WHAT IS BEING ASKED.
Copy every line from the material below that holds "centre".

DATA IN THIS EXERCISE.
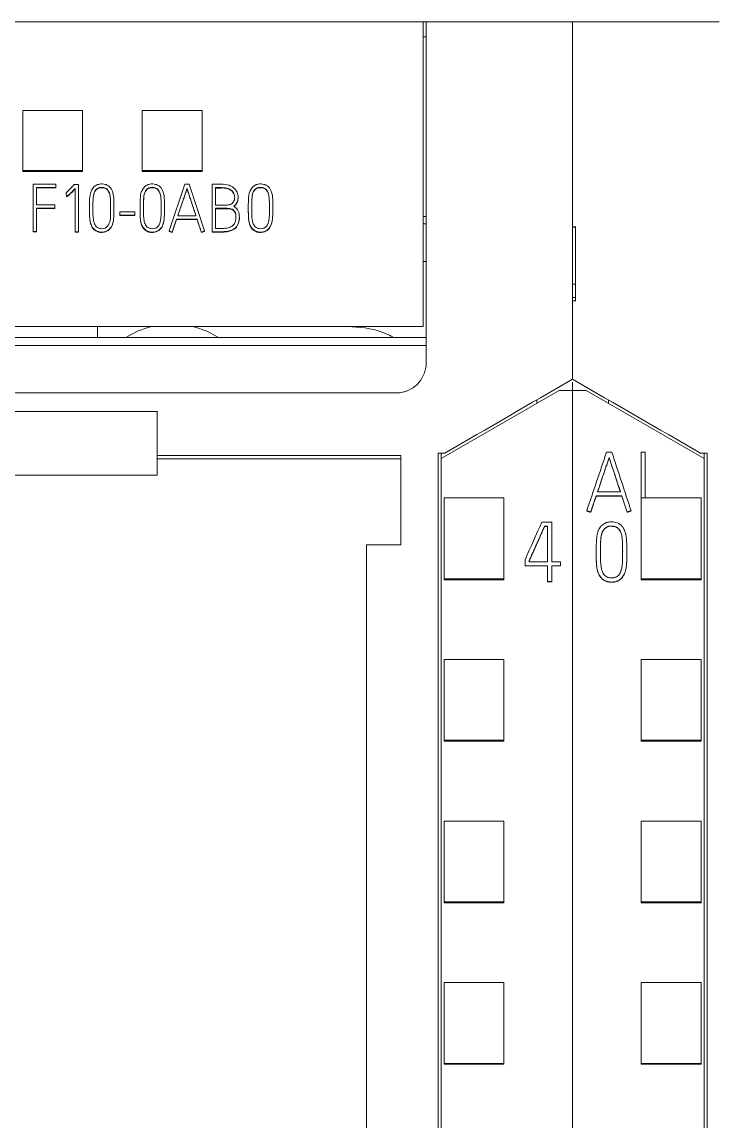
# Model space of a CAD drawing. Header units: millimetres. Extents: x 4137 to 6698, y 1400 to 3585.
# Drawn here: x 5267.02 to 5290.15, y 3051 to 3087.78 of the extents above; entities that cross this region are included whole.
import ezdxf

# ---------------------------------------------------------------- set-up
doc = ezdxf.new("R2010")
doc.units = ezdxf.units.MM
doc.layers.add('000-PI-Oprema', color=30, linetype='Continuous', lineweight=5)

msp = doc.modelspace()

# ---------------------------------------------------------------- linework, layer by layer
at = {"layer": '000-PI-Oprema', "color": 0, "linetype": 'ByBlock', "lineweight": 0}
for p, q in [((5280.448, 3087.785), (5255.648, 3087.785)), ((5280.448, 3087.785), (5280.548, 3087.785)), ((5280.448, 3077.602), (5280.448, 3087.785)), ((5285.448, 3087.785), (5280.548, 3087.785)), ((5290.348, 3087.785), (5285.448, 3087.785)), ((5280.548, 3087.285), (5280.448, 3087.285)), ((5267.048, 3084.82), (5267.048, 3082.822)), ((5269.048, 3084.82), (5267.048, 3084.82)), ((5269.048, 3082.822), (5269.048, 3084.82)), ((5271.048, 3084.82), (5271.048, 3082.822)), ((5273.048, 3084.82), (5271.048, 3084.82)), ((5273.048, 3082.822), (5273.048, 3084.82)), ((5267.048, 3082.822), (5267.048, 3082.783)), ((5267.048, 3082.822), (5269.048, 3082.822)), ((5267.048, 3082.783), (5269.048, 3082.783)), ((5269.048, 3082.822), (5269.048, 3082.783)), ((5271.048, 3082.822), (5271.048, 3082.783)), ((5271.048, 3082.822), (5273.048, 3082.822)), ((5271.048, 3082.783), (5273.048, 3082.783)), ((5273.048, 3082.822), (5273.048, 3082.783)), ((5267.397, 3082.36), (5267.397, 3080.778)), ((5268.158, 3082.36), (5267.397, 3082.36)), ((5267.51, 3081.667), (5267.51, 3082.248)), ((5267.51, 3082.248), (5268.158, 3082.248)), ((5268.158, 3082.248), (5268.158, 3082.36)), ((5268.158, 3082.248), (5268.158, 3082.236)), ((5268.768, 3082.352), (5268.908, 3082.352)), ((5268.908, 3082.352), (5268.908, 3080.771)), ((5272.474, 3082.363), (5271.944, 3080.798)), ((5272.616, 3082.363), (5272.474, 3082.363)), ((5273.134, 3080.798), (5272.616, 3082.363)), ((5273.384, 3080.773), (5273.384, 3082.358)), ((5273.497, 3082.246), (5273.497, 3081.665)), ((5267.51, 3082.236), (5268.158, 3082.236)), ((5268.5, 3082.077), (5268.5, 3082.064)), ((5268.507, 3081.96), (5268.5, 3082.077)), ((5268.507, 3081.947), (5268.5, 3082.064)), ((5268.507, 3081.96), (5268.507, 3081.947)), ((5268.797, 3080.771), (5268.797, 3082.215)), ((5272.545, 3082.222), (5272.545, 3082.209)), ((5274.252, 3081.91), (5274.252, 3081.931)), ((5268.118, 3081.667), (5267.51, 3081.667)), ((5267.51, 3080.778), (5267.51, 3081.557)), ((5267.51, 3081.557), (5268.118, 3081.557)), ((5267.51, 3081.544), (5268.118, 3081.544)), ((5268.118, 3081.557), (5268.118, 3081.667)), ((5268.118, 3081.557), (5268.118, 3081.544)), ((5269.281, 3081.624), (5269.281, 3081.612)), ((5270.1, 3081.581), (5270.1, 3081.593)), ((5270.972, 3081.624), (5270.972, 3081.612)), ((5271.791, 3081.581), (5271.791, 3081.593)), ((5273.497, 3081.555), (5273.497, 3080.883)), ((5274.596, 3081.624), (5274.596, 3081.612)), ((5275.415, 3081.581), (5275.415, 3081.593)), ((5270.291, 3081.436), (5270.291, 3081.324)), ((5270.797, 3081.436), (5270.291, 3081.436)), ((5270.291, 3081.324), (5270.291, 3081.311)), ((5270.291, 3081.324), (5270.797, 3081.324)), ((5270.291, 3081.311), (5270.797, 3081.311)), ((5270.797, 3081.324), (5270.797, 3081.436)), ((5270.797, 3081.324), (5270.797, 3081.311)), ((5272.051, 3080.762), (5272.197, 3081.192)), ((5272.051, 3080.75), (5272.197, 3081.179)), ((5272.197, 3081.192), (5272.197, 3081.179)), ((5272.197, 3081.192), (5272.883, 3081.192)), ((5272.197, 3081.179), (5272.883, 3081.179)), ((5272.845, 3081.304), (5272.235, 3081.304)), ((5272.883, 3081.192), (5272.883, 3081.179)), ((5274.297, 3081.238), (5274.297, 3081.251)), ((5280.448, 3081.285), (5280.548, 3081.285)), ((5267.397, 3080.778), (5267.397, 3080.765)), ((5267.397, 3080.778), (5267.51, 3080.778)), ((5267.397, 3080.765), (5267.51, 3080.765)), ((5267.51, 3080.778), (5267.51, 3080.765)), ((5268.908, 3080.771), (5268.797, 3080.771)), ((5268.797, 3080.771), (5268.797, 3080.759)), ((5268.908, 3080.771), (5268.908, 3080.759)), ((5271.944, 3080.798), (5271.944, 3080.785)), ((5271.944, 3080.798), (5272.051, 3080.762)), ((5271.944, 3080.785), (5272.051, 3080.75)), ((5273.025, 3080.762), (5273.134, 3080.798)), ((5273.025, 3080.75), (5273.134, 3080.785)), ((5273.134, 3080.798), (5273.134, 3080.785)), ((5273.384, 3080.773), (5273.384, 3080.761)), ((5280.448, 3081.035), (5280.548, 3081.035)), ((5285.56, 3080.935), (5285.448, 3080.935)), ((5285.56, 3080.929), (5285.448, 3080.929)), ((5268.908, 3080.759), (5268.797, 3080.759)), ((5272.051, 3080.762), (5272.051, 3080.75)), ((5273.025, 3080.762), (5273.025, 3080.75)), ((5280.448, 3079.78), (5280.548, 3079.78)), ((5285.548, 3079.019), (5285.448, 3079.019)), ((5285.548, 3079.019), (5285.548, 3078.569)), ((5285.548, 3078.569), (5285.448, 3078.569)), ((5285.448, 3078.459), (5285.56, 3078.459)), ((5285.448, 3078.457), (5285.56, 3078.457)), ((5280.448, 3077.602), (5255.648, 3077.602)), ((5269.548, 3077.602), (5269.548, 3077.234)), ((5280.548, 3077.234), (5255.548, 3077.234)), ((5280.548, 3076.97), (5255.548, 3076.97)), ((5285.448, 3075.746), (5285.448, 3075.465)), ((5285.448, 3075.746), (5285.448, 3075.465)), ((5256.548, 3075.385), (5279.548, 3075.385)), ((5279.552, 3075.385), (5279.551, 3075.385)), ((5281.048, 3073.185), (5284.998, 3075.465)), ((5285.448, 3075.465), (5284.998, 3075.465)), ((5285.448, 3075.465), (5285.448, 2962.047)), ((5285.448, 3075.465), (5285.448, 2962.047)), ((5285.898, 3075.465), (5285.448, 3075.465)), ((5285.898, 3075.465), (5289.848, 3073.185)), ((5284.248, 3075.032), (5284.248, 3075.149)), ((5286.648, 3075.032), (5286.648, 3075.149)), ((5271.548, 3074.763), (5264.548, 3074.763)), ((5271.548, 3073.285), (5271.548, 3073.179)), ((5279.698, 3073.285), (5271.548, 3073.285)), ((5271.548, 3073.179), (5271.548, 3072.635)), ((5279.698, 3073.179), (5271.548, 3073.179)), ((5279.698, 3070.305), (5279.698, 3073.285)), ((5280.948, 3073.37), (5281.169, 3073.37)), ((5281.169, 3073.37), (5280.948, 3073.37)), ((5281.048, 3073.37), (5281.048, 3073.185)), ((5281.048, 2964.37), (5281.048, 3073.185)), ((5286.584, 3073.405), (5286.762, 3073.405)), ((5286.673, 3073.228), (5286.673, 3073.222)), ((5287.741, 3071.413), (5287.741, 3073.397)), ((5287.741, 3073.397), (5287.88, 3073.397)), ((5287.88, 3073.397), (5287.88, 3071.871)), ((5289.948, 3073.37), (5289.726, 3073.37)), ((5289.948, 3073.37), (5289.726, 3073.37)), ((5289.848, 3073.37), (5289.848, 3073.185)), ((5289.848, 3073.185), (5289.848, 2964.37)), ((5271.548, 3072.635), (5264.548, 3072.635)), ((5286.285, 3072.078), (5287.048, 3072.078)), ((5281.148, 3069.167), (5281.148, 3071.871)), ((5281.148, 3071.871), (5283.148, 3071.871)), ((5283.148, 3069.167), (5283.148, 3071.871)), ((5286.238, 3071.937), (5286.238, 3071.931)), ((5287.095, 3071.937), (5286.238, 3071.937)), ((5286.238, 3071.931), (5287.095, 3071.931)), ((5287.095, 3071.937), (5287.095, 3071.931)), ((5287.748, 3069.167), (5287.748, 3071.871)), ((5289.748, 3071.871), (5287.748, 3071.871)), ((5289.748, 3069.167), (5289.748, 3071.871)), ((5285.921, 3071.443), (5285.921, 3071.437)), ((5286.055, 3071.399), (5286.055, 3071.393)), ((5287.272, 3071.399), (5287.272, 3071.393)), ((5287.408, 3071.443), (5287.408, 3071.437)), ((5287.741, 3071.413), (5287.741, 3071.406)), ((5287.748, 3071.413), (5287.741, 3071.413)), ((5287.741, 3071.406), (5287.748, 3071.406)), ((5284.419, 3071.064), (5284.749, 3071.064)), ((5284.51, 3070.926), (5284.51, 3070.92)), ((5284.607, 3070.926), (5284.51, 3070.926)), ((5284.51, 3070.92), (5284.607, 3070.92)), ((5284.607, 3069.739), (5284.607, 3070.926)), ((5284.749, 3071.064), (5284.749, 3069.739)), ((5279.698, 3070.305), (5278.548, 3070.305)), ((5283.858, 3069.601), (5283.858, 3069.806)), ((5283.997, 3069.775), (5283.997, 3069.739)), ((5283.997, 3069.739), (5284.607, 3069.739)), ((5284.749, 3069.739), (5285.043, 3069.739)), ((5285.043, 3069.739), (5285.043, 3069.601)), ((5286.238, 3070.076), (5286.238, 3070.07)), ((5287.262, 3070.028), (5287.262, 3070.035)), ((5283.858, 3069.601), (5283.858, 3069.595)), ((5284.607, 3069.601), (5283.858, 3069.601)), ((5283.858, 3069.595), (5284.607, 3069.595)), ((5284.607, 3069.074), (5284.607, 3069.601)), ((5284.749, 3069.601), (5284.749, 3069.074)), ((5285.043, 3069.601), (5284.749, 3069.601)), ((5284.749, 3069.595), (5285.043, 3069.595)), ((5285.043, 3069.601), (5285.043, 3069.595)), ((5281.148, 3069.133), (5281.148, 3069.167)), ((5281.148, 3069.167), (5283.148, 3069.167)), ((5281.148, 3069.133), (5283.148, 3069.133)), ((5283.148, 3069.133), (5283.148, 3069.167)), ((5284.607, 3069.074), (5284.607, 3069.068)), ((5284.749, 3069.074), (5284.607, 3069.074)), ((5284.607, 3069.068), (5284.749, 3069.068)), ((5284.749, 3069.074), (5284.749, 3069.068)), ((5287.748, 3069.133), (5287.748, 3069.167)), ((5289.748, 3069.167), (5287.748, 3069.167)), ((5289.748, 3069.133), (5287.748, 3069.133)), ((5289.748, 3069.133), (5289.748, 3069.167)), ((5281.148, 3063.766), (5281.148, 3066.469)), ((5281.148, 3066.469), (5283.148, 3066.469)), ((5283.148, 3063.766), (5283.148, 3066.469)), ((5287.748, 3063.766), (5287.748, 3066.469)), ((5289.748, 3066.469), (5287.748, 3066.469)), ((5289.748, 3063.766), (5289.748, 3066.469)), ((5281.148, 3063.733), (5281.148, 3063.766)), ((5281.148, 3063.766), (5283.148, 3063.766)), ((5281.148, 3063.733), (5283.148, 3063.733)), ((5283.148, 3063.733), (5283.148, 3063.766)), ((5287.748, 3063.733), (5287.748, 3063.766)), ((5289.748, 3063.766), (5287.748, 3063.766)), ((5289.748, 3063.733), (5287.748, 3063.733)), ((5289.748, 3063.733), (5289.748, 3063.766)), ((5281.148, 3058.364), (5281.148, 3061.067)), ((5281.148, 3061.067), (5283.148, 3061.067)), ((5283.148, 3058.364), (5283.148, 3061.067)), ((5287.748, 3058.364), (5287.748, 3061.067)), ((5289.748, 3061.067), (5287.748, 3061.067)), ((5289.748, 3058.364), (5289.748, 3061.067)), ((5281.148, 3058.333), (5281.148, 3058.364)), ((5281.148, 3058.364), (5283.148, 3058.364)), ((5281.148, 3058.333), (5283.148, 3058.333)), ((5283.148, 3058.333), (5283.148, 3058.364)), ((5287.748, 3058.333), (5287.748, 3058.364)), ((5289.748, 3058.364), (5287.748, 3058.364)), ((5289.748, 3058.333), (5287.748, 3058.333)), ((5289.748, 3058.333), (5289.748, 3058.364)), ((5281.148, 3052.963), (5281.148, 3055.666)), ((5281.148, 3055.666), (5283.148, 3055.666)), ((5283.148, 3052.963), (5283.148, 3055.666)), ((5287.748, 3052.963), (5287.748, 3055.666)), ((5289.748, 3055.666), (5287.748, 3055.666)), ((5289.748, 3052.963), (5289.748, 3055.666)), ((5281.148, 3052.963), (5283.148, 3052.963)), ((5281.148, 3052.934), (5281.148, 3052.963)), ((5281.148, 3052.934), (5283.148, 3052.934)), ((5283.148, 3052.934), (5283.148, 3052.963)), ((5287.748, 3052.934), (5287.748, 3052.963)), ((5289.748, 3052.963), (5287.748, 3052.963)), ((5289.748, 3052.934), (5287.748, 3052.934)), ((5289.748, 3052.934), (5289.748, 3052.963))]:
    msp.add_line(p, q, dxfattribs=at)
for start, end in [(103.753, 122.3801), (57.6199, 76.247)]:
    msp.add_arc((5272.048, 3074.785), 2.9, start, end, dxfattribs=at)
at = {"layer": '000-PI-Oprema', "color": 7, "linetype": 'Continuous', "lineweight": 13}
for centre, major_axis, ratio, start_param, end_param in [((5267.565, 2954.322), (337.753, 1006.406), 0.018824, 1.458513, 1.460476), ((5305.018, 2956.172), (-326.682, 998.393), 0.018302, 4.822113, 4.824092), ((5261.734, 2960.835), (432.572, 977.483), 0.022444, 1.467725, 1.469021)]:
    msp.add_ellipse(centre, major_axis=major_axis, ratio=ratio, start_param=start_param, end_param=end_param, dxfattribs=at)
at = {"layer": '000-PI-Oprema', "color": 0, "linetype": 'ByBlock', "lineweight": 0}
for points, knots in [([(5280.548, 3076.97), (5280.548, 3079.491), (5280.548, 3083.097), (5280.548, 3086.7), (5280.548, 3087.785)], [0, 0, 0, 0, 0.698854, 1, 1, 1, 1]), ([(5285.448, 3087.785), (5285.448, 3086.7), (5285.448, 3083.095), (5285.448, 3079.113), (5285.448, 3076.215), (5285.448, 3075.84)], [0, 0, 0, 0, 0.272684, 0.906013, 1, 1, 1, 1]), ([(5285.448, 3087.785), (5285.448, 3086.7), (5285.448, 3083.095), (5285.448, 3079.113), (5285.448, 3076.215), (5285.448, 3075.84)], [0, 0, 0, 0, 0.272684, 0.906013, 1, 1, 1, 1]), ([(5268.5, 3082.077), (5268.519, 3082.093), (5268.556, 3082.125), (5268.61, 3082.181), (5268.663, 3082.236), (5268.717, 3082.295), (5268.751, 3082.332), (5268.768, 3082.352)], [0, 0, 0, 0, 0.198846, 0.377684, 0.606339, 0.795382, 1, 1, 1, 1]), ([(5269.611, 3082.363), (5269.568, 3082.355), (5269.444, 3082.314), (5269.31, 3082.122), (5269.278, 3081.825), (5269.282, 3081.528), (5269.281, 3081.273), (5269.311, 3081.063), (5269.371, 3080.898), (5269.553, 3080.764), (5269.755, 3080.745), (5269.959, 3080.84), (5270.069, 3081.034), (5270.1, 3081.267), (5270.1, 3081.522), (5270.101, 3081.776), (5270.089, 3081.989), (5270.036, 3082.174), (5269.945, 3082.3), (5269.785, 3082.372), (5269.674, 3082.374), (5269.611, 3082.363)], [0, 0, 0, 0, 0.03125, 0.09375, 0.15625, 0.25, 0.3125, 0.34375, 0.40625, 0.4375, 0.5, 0.546875, 0.59375, 0.65625, 0.71875, 0.78125, 0.84375, 0.875, 0.921875, 0.953125, 1, 1, 1, 1]), ([(5269.837, 3082.222), (5269.807, 3082.24), (5269.718, 3082.263), (5269.573, 3082.255), (5269.43, 3082.121), (5269.405, 3081.922), (5269.392, 3081.716), (5269.395, 3081.538), (5269.395, 3081.363), (5269.404, 3081.205), (5269.437, 3081.032), (5269.521, 3080.907), (5269.681, 3080.862), (5269.873, 3080.889), (5269.974, 3081.11), (5269.989, 3081.347), (5269.989, 3081.596), (5269.988, 3081.823), (5269.972, 3081.999), (5269.929, 3082.134), (5269.867, 3082.204), (5269.837, 3082.222)], [0, 0, 0, 0, 0.03125, 0.078125, 0.125, 0.1875, 0.25, 0.3125, 0.34375, 0.40625, 0.453125, 0.5, 0.53125, 0.59375, 0.65625, 0.71875, 0.8125, 0.875, 0.921875, 0.96875, 1, 1, 1, 1]), ([(5269.837, 3082.209), (5269.807, 3082.228), (5269.718, 3082.25), (5269.573, 3082.243), (5269.43, 3082.108), (5269.405, 3081.91), (5269.395, 3081.746), (5269.394, 3081.649), (5269.394, 3081.622)], [0, 0, 0, 0, 0.114194, 0.285486, 0.456777, 0.685166, 0.913555, 1, 1, 1, 1]), ([(5271.302, 3082.363), (5271.259, 3082.355), (5271.135, 3082.314), (5271.001, 3082.122), (5270.969, 3081.825), (5270.973, 3081.528), (5270.972, 3081.273), (5271.002, 3081.063), (5271.062, 3080.898), (5271.244, 3080.764), (5271.446, 3080.745), (5271.65, 3080.84), (5271.76, 3081.034), (5271.791, 3081.267), (5271.791, 3081.522), (5271.792, 3081.776), (5271.78, 3081.989), (5271.727, 3082.174), (5271.636, 3082.3), (5271.476, 3082.372), (5271.365, 3082.374), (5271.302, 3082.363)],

REPLY TO THE EXERCISE.
for centre, major_axis, ratio, start_param, end_param in [((5267.565, 2954.322), (337.753, 1006.406), 0.018824, 1.458513, 1.460476), ((5305.018, 2956.172), (-326.682, 998.393), 0.018302, 4.822113, 4.824092), ((5261.734, 2960.835), (432.572, 977.483), 0.022444, 1.467725, 1.469021)]:
    msp.add_ellipse(centre, major_axis=major_axis, ratio=ratio, start_param=start_param, end_param=end_param, dxfattribs=at)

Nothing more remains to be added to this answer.